Because the dataset includes stress levels, you can explore whether lifestyle affects stress, which then affects GPA.
stress_model <- multinom(Stress_Level ~ Study_Hours_Per_Day +
Sleep_Hours_Per_Day +
Social_Hours_Per_Day,
data = student_lifestyle)
## # weights: 15 (8 variable)
## initial value 2197.224577
## iter 10 value 1079.494453
## iter 20 value 798.341838
## iter 30 value 796.741437
## iter 30 value 796.741436
## iter 30 value 796.741436
## final value 796.741436
## converged
summary(stress_model)
## Call:
## multinom(formula = Stress_Level ~ Study_Hours_Per_Day + Sleep_Hours_Per_Day +
## Social_Hours_Per_Day, data = student_lifestyle)
##
## Coefficients:
## (Intercept) Study_Hours_Per_Day Sleep_Hours_Per_Day
## Low 37.429430 -8.967273 2.324130
## Moderate 5.302923 -1.898731 1.150286
## Social_Hours_Per_Day
## Low -0.01127429
## Moderate 0.04669286
##
## Std.

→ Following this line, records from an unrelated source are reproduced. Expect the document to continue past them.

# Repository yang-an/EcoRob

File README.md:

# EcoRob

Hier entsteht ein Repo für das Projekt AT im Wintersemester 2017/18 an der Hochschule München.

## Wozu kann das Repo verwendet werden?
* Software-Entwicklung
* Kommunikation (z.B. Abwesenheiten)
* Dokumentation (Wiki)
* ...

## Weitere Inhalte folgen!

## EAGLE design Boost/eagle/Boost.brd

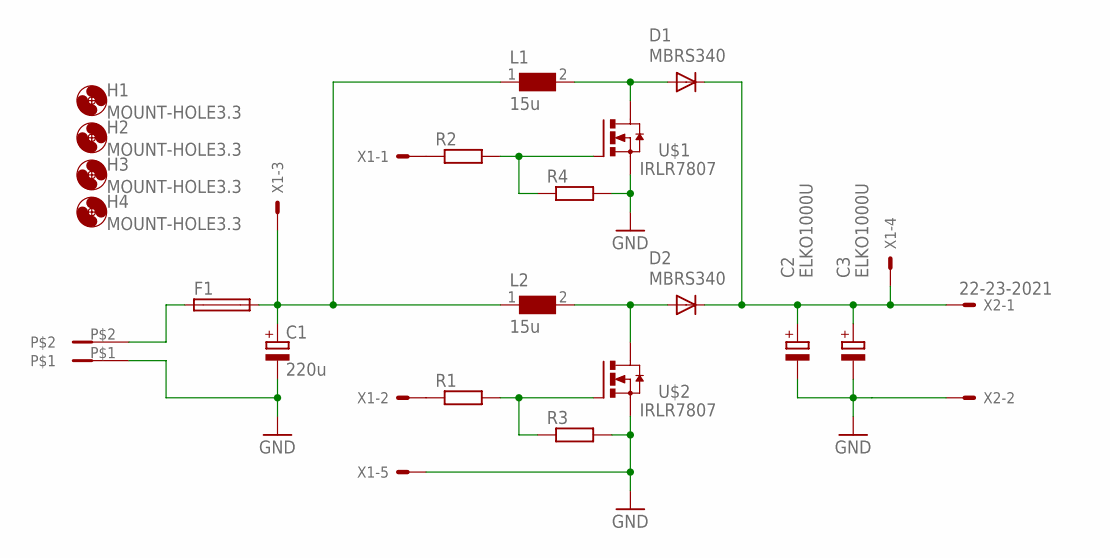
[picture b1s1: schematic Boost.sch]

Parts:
C1: 220u; PANASONIC_F
C2, C3: ELKO1000U; J16
D1, D2: MBRS340; SMC
F1: SH22,5
H1, H2, H3, H4: MOUNT-HOLE3.3; 3,3
L1, L2: 15u; WE-PD_1260/1245/1280/1210
R1, R2, R3, R4: R-EU_MELF0204W; MINI_MELF-0204W
U$1, U$2: IRLR7807; D-PAK
U$3: RIACON-2; RIACON2
X1: 22-23-2051
X2: 22-23-2021

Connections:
GND: C1.-, C2.-, C3.-, R3.2, R4.2, U$1.3 (S), U$2.3 (S), U$3.P$1, X1.5, X2.2
unnamed: F1.1, U$3.P$2
unnamed: R2.2, R4.1, U$1.1 (G)
unnamed: R1.1, X1.2
unnamed: R2.1, X1.1
unnamed: R1.2, R3.1, U$2.1 (G)
SW1: D1.A, L1.2, U$1.4 (D)
SW2: D2.A, L2.2, U$2.4 (D)
UIN: C1.+, F1.2, L1.1, L2.1, X1.3
UOUT: C2.+, C3.+, D1.C, D2.C, X1.4, X2.1

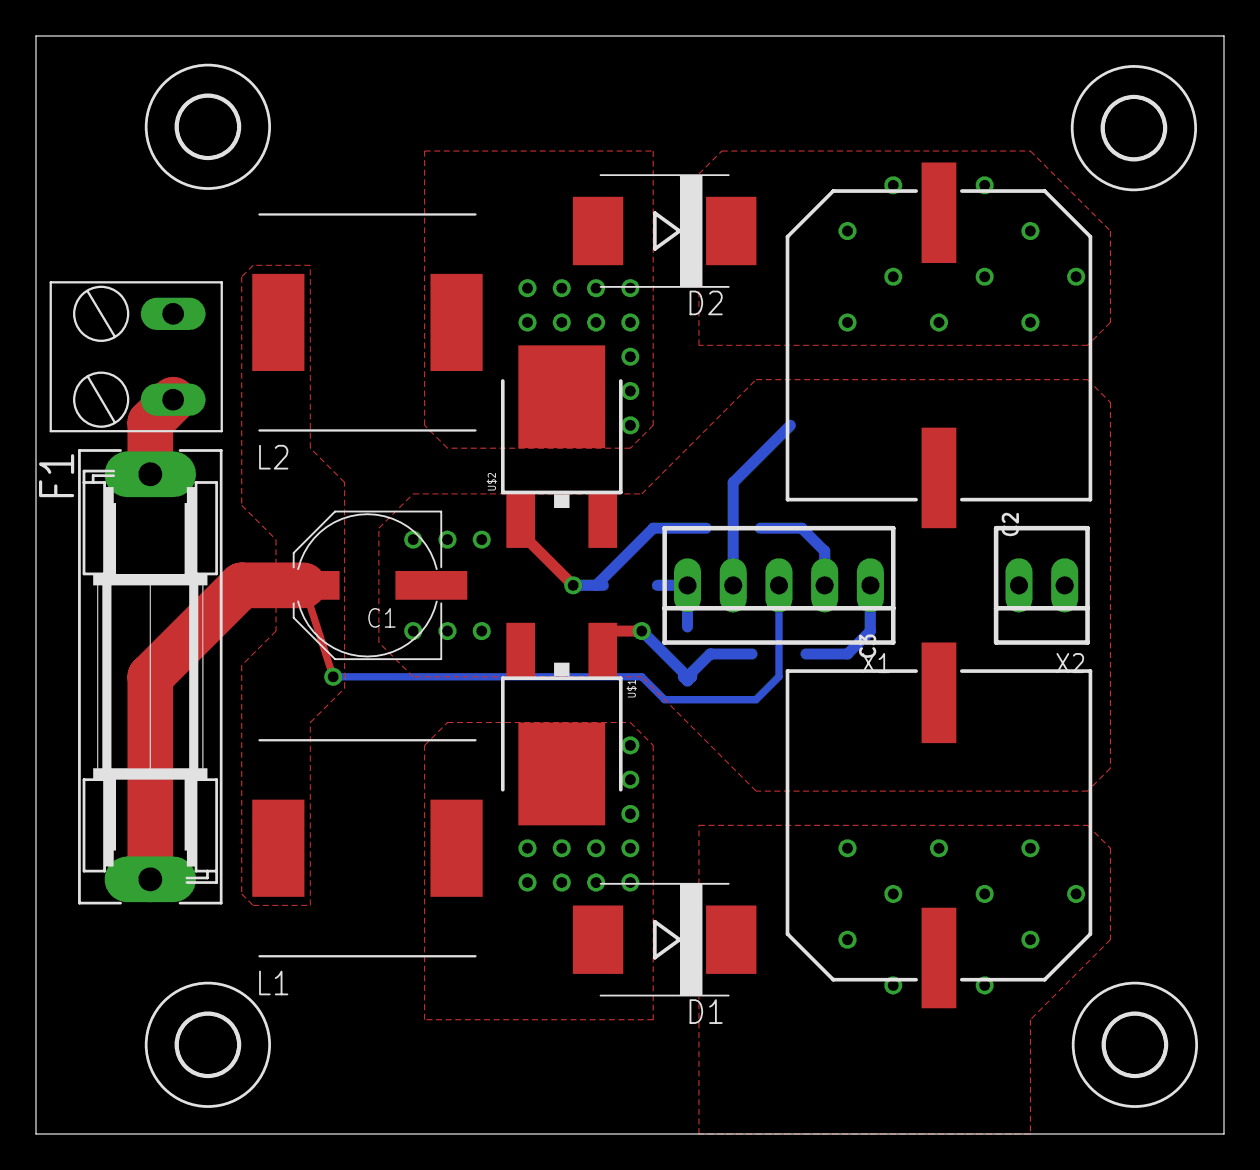
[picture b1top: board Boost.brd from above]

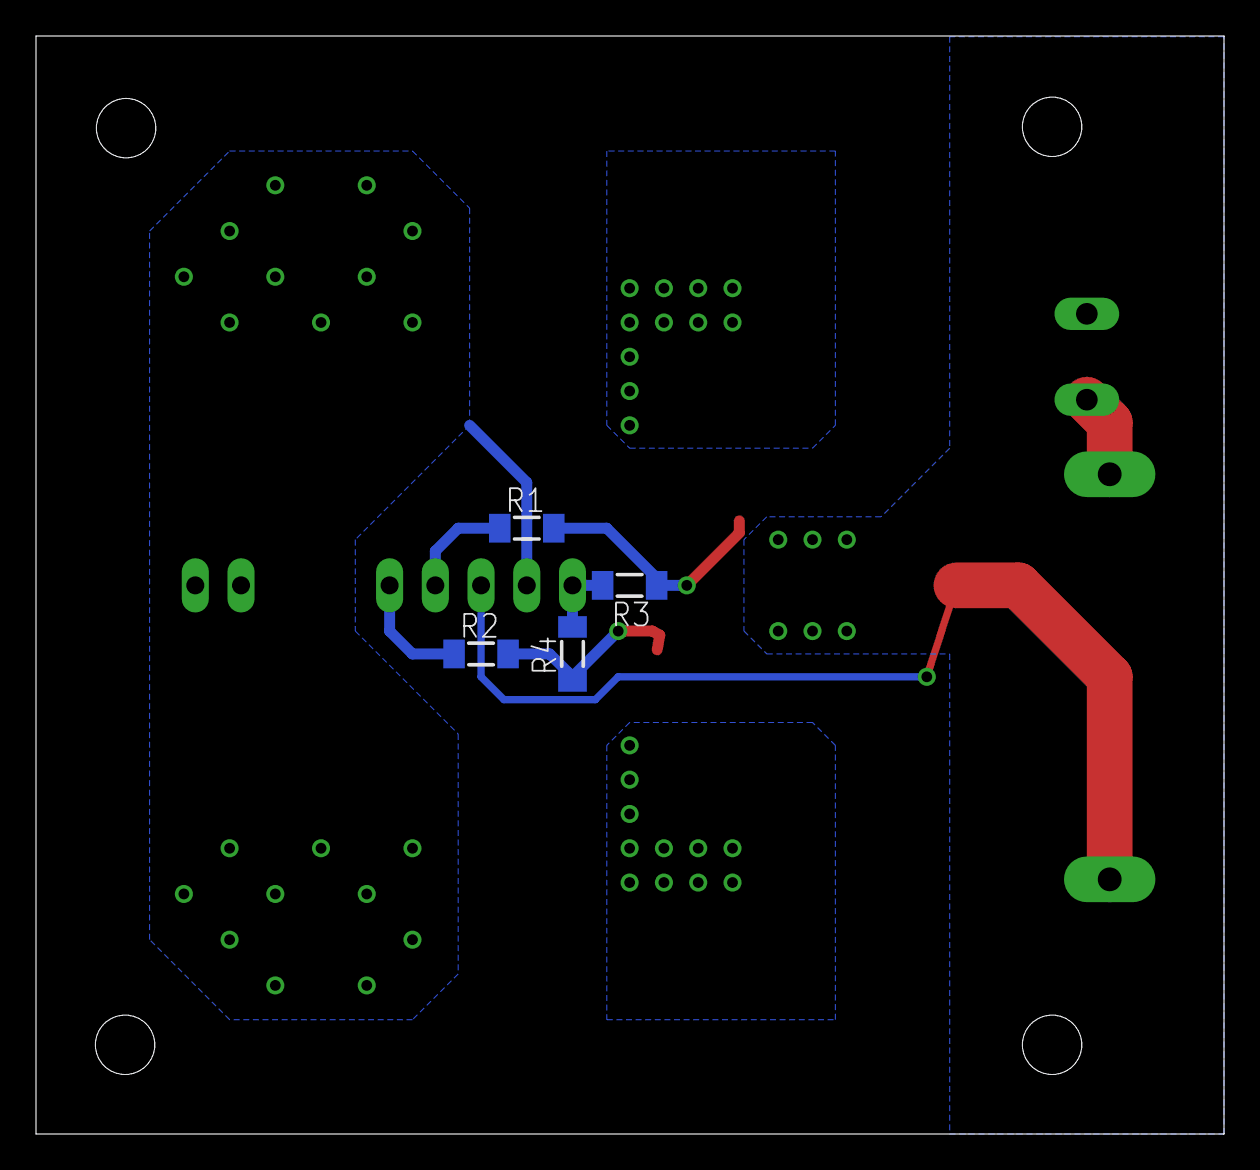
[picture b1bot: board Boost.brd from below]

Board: 2 copper layers, 66.0 x 61.0 mm, 21 parts (4 on the bottom side), 10 nets.

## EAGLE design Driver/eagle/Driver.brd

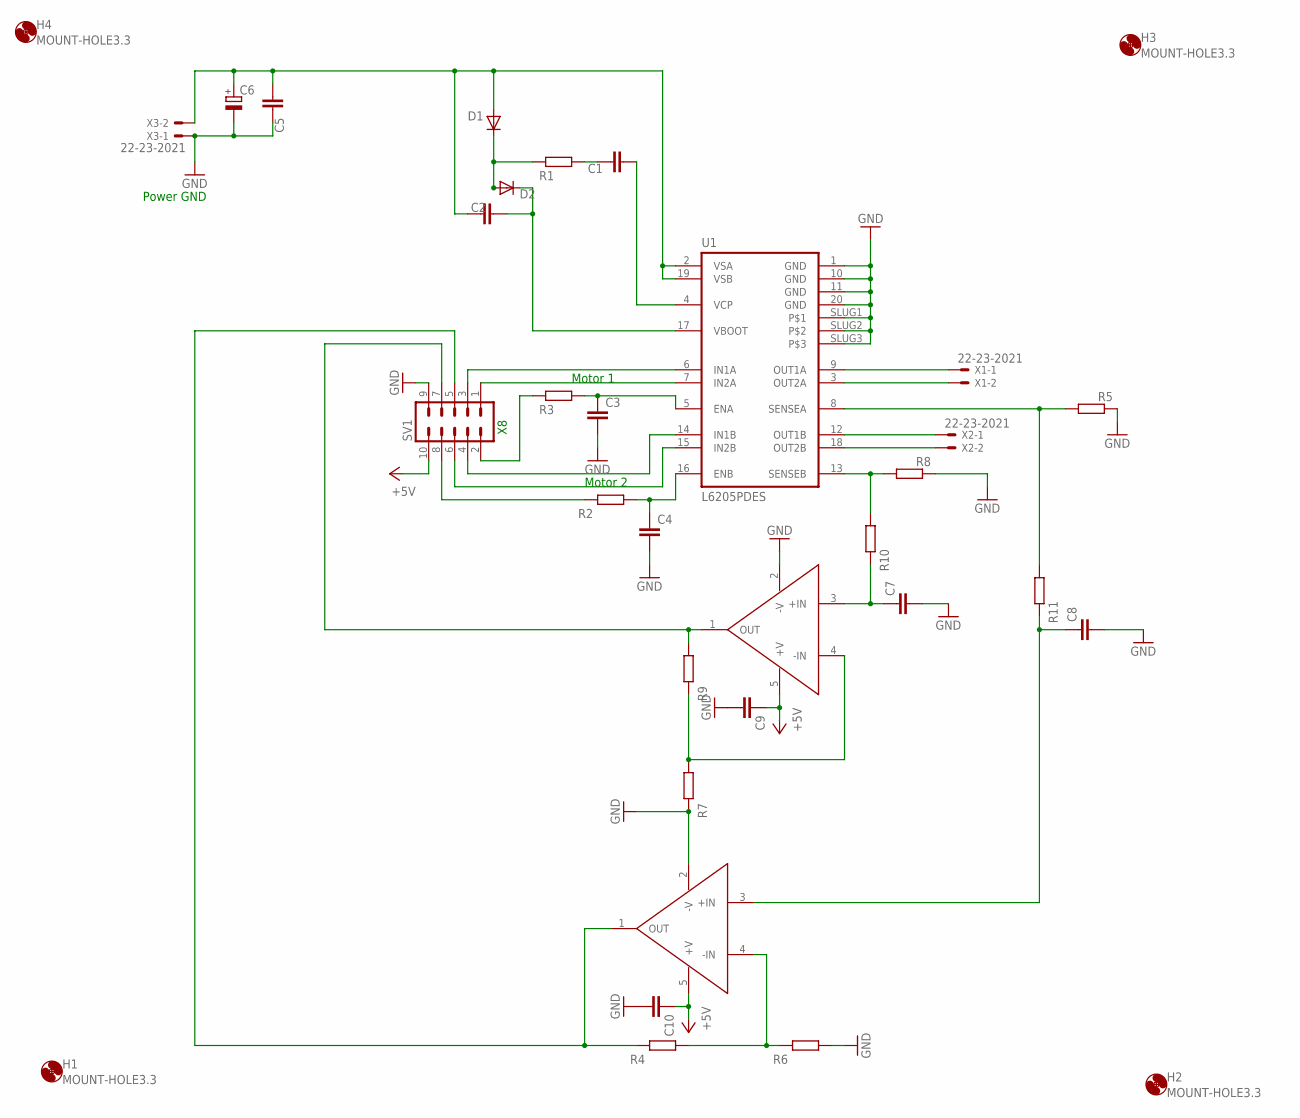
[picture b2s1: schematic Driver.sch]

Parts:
C1, C2, C5: C-EUC0805K; C0805K
C3, C4, C7, C8, C9, C10: C-EUC0805; C0805
C6: CPOL-EUE; PANASONIC_E
D1, D2: DIODE-MINIMELF; MINIMELF
H1, H2, H3, H4: MOUNT-HOLE3.3; 3,3
R1, R2, R3, R4, R6, R7, R9, R10, R11: R-EU_MELF0204W; MINI_MELF-0204W
R5, R8: R-EU_R2512W; R2512W
SV1: ML10
U1: L6205PDES; SO20POWER2
U$2, U$3: LM7301; SOT23-5
X1, X2, X3: 22-23-2021

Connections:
+5V: C9.1, C10.1, SV1.10, U$2.5 (+V), U$3.5 (+V)
GND: C3.2, C4.2, C5.1, C6.-, C7.2, C8.2, C9.2, C10.2, R5.1, R6.2, R7.1, R8.1, SV1.9, U1.1 (GND), U1.10 (GND), U1.11 (GND), U1.20 (GND), U1.SLUG1, U1.SLUG2, U1.SLUG3, U$2.2 (-V), U$3.2 (-V), X3.1
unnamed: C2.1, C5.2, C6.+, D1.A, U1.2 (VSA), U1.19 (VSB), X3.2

Errors:
## (Intercept) Study_Hours_Per_Day Sleep_Hours_Per_Day
## Low 2.7694110 0.58145990 0.15013715
## Moderate 0.5682766 0.09368542 0.06923321
## Social_Hours_Per_Day
## Low 0.09087493
## Moderate 0.04409839
##
## Residual Deviance: 1593.483
## AIC: 1609.483
Low Stress vs High Stress | Variable | Effect | | ———— | ——— | | Study Hours | -8.97 | | Sleep Hours | +2.32 | | Social Hours | ~0 |
Students are more likely to have low stress when they:
o Sleep more
o Study less
Moderate Stress vs High Stress | Variable | Effect | | ———— | —— | | Study Hours | -1.90 | | Sleep Hours | +1.15 | | Social Hours | Small |
Higher sleep also reduces the likelihood of high stress.
# Create sleep categories
student_lifestyle <- student_lifestyle %>%
mutate(Sleep_Group = case_when(
Sleep_Hours_Per_Day <= 6 ~ "Low Sleep",
Sleep_Hours_Per_Day <= 8 ~ "Moderate Sleep",
TRUE ~ "High Sleep"
))
# Fit interaction model
model3 <- lm(GPA ~ Study_Hours_Per_Day * Sleep_Hours_Per_Day +
Social_Hours_Per_Day + Stress_Level,
data = student_lifestyle)
# Plot interaction
interact_plot(model3,
pred = Study_Hours_Per_Day,
modx = Sleep_Hours_Per_Day)
So students who:
o Study consistently
o Get adequate sleep
tend to perform best academically.
Multiple regression analysis showed that study hours per day were a strong positive predictor of GPA (β = 0.154, p < 0.001). Sleep hours and social hours were not individually significant predictors of GPA. However, an interaction effect between study hours and sleep hours was observed (β = 0.0051, p = 0.038), suggesting that the benefits of studying are greater when students obtain sufficient sleep.
A multinomial logistic regression examining predictors of stress levels indicated that increased sleep hours were associated with lower levels of stress, while higher study hours were associated with increased stress.
Overall, these results suggest that while studying is the primary driver of academic performance, adequate sleep plays an important role in reducing stress and enhancing the effectiveness of studying.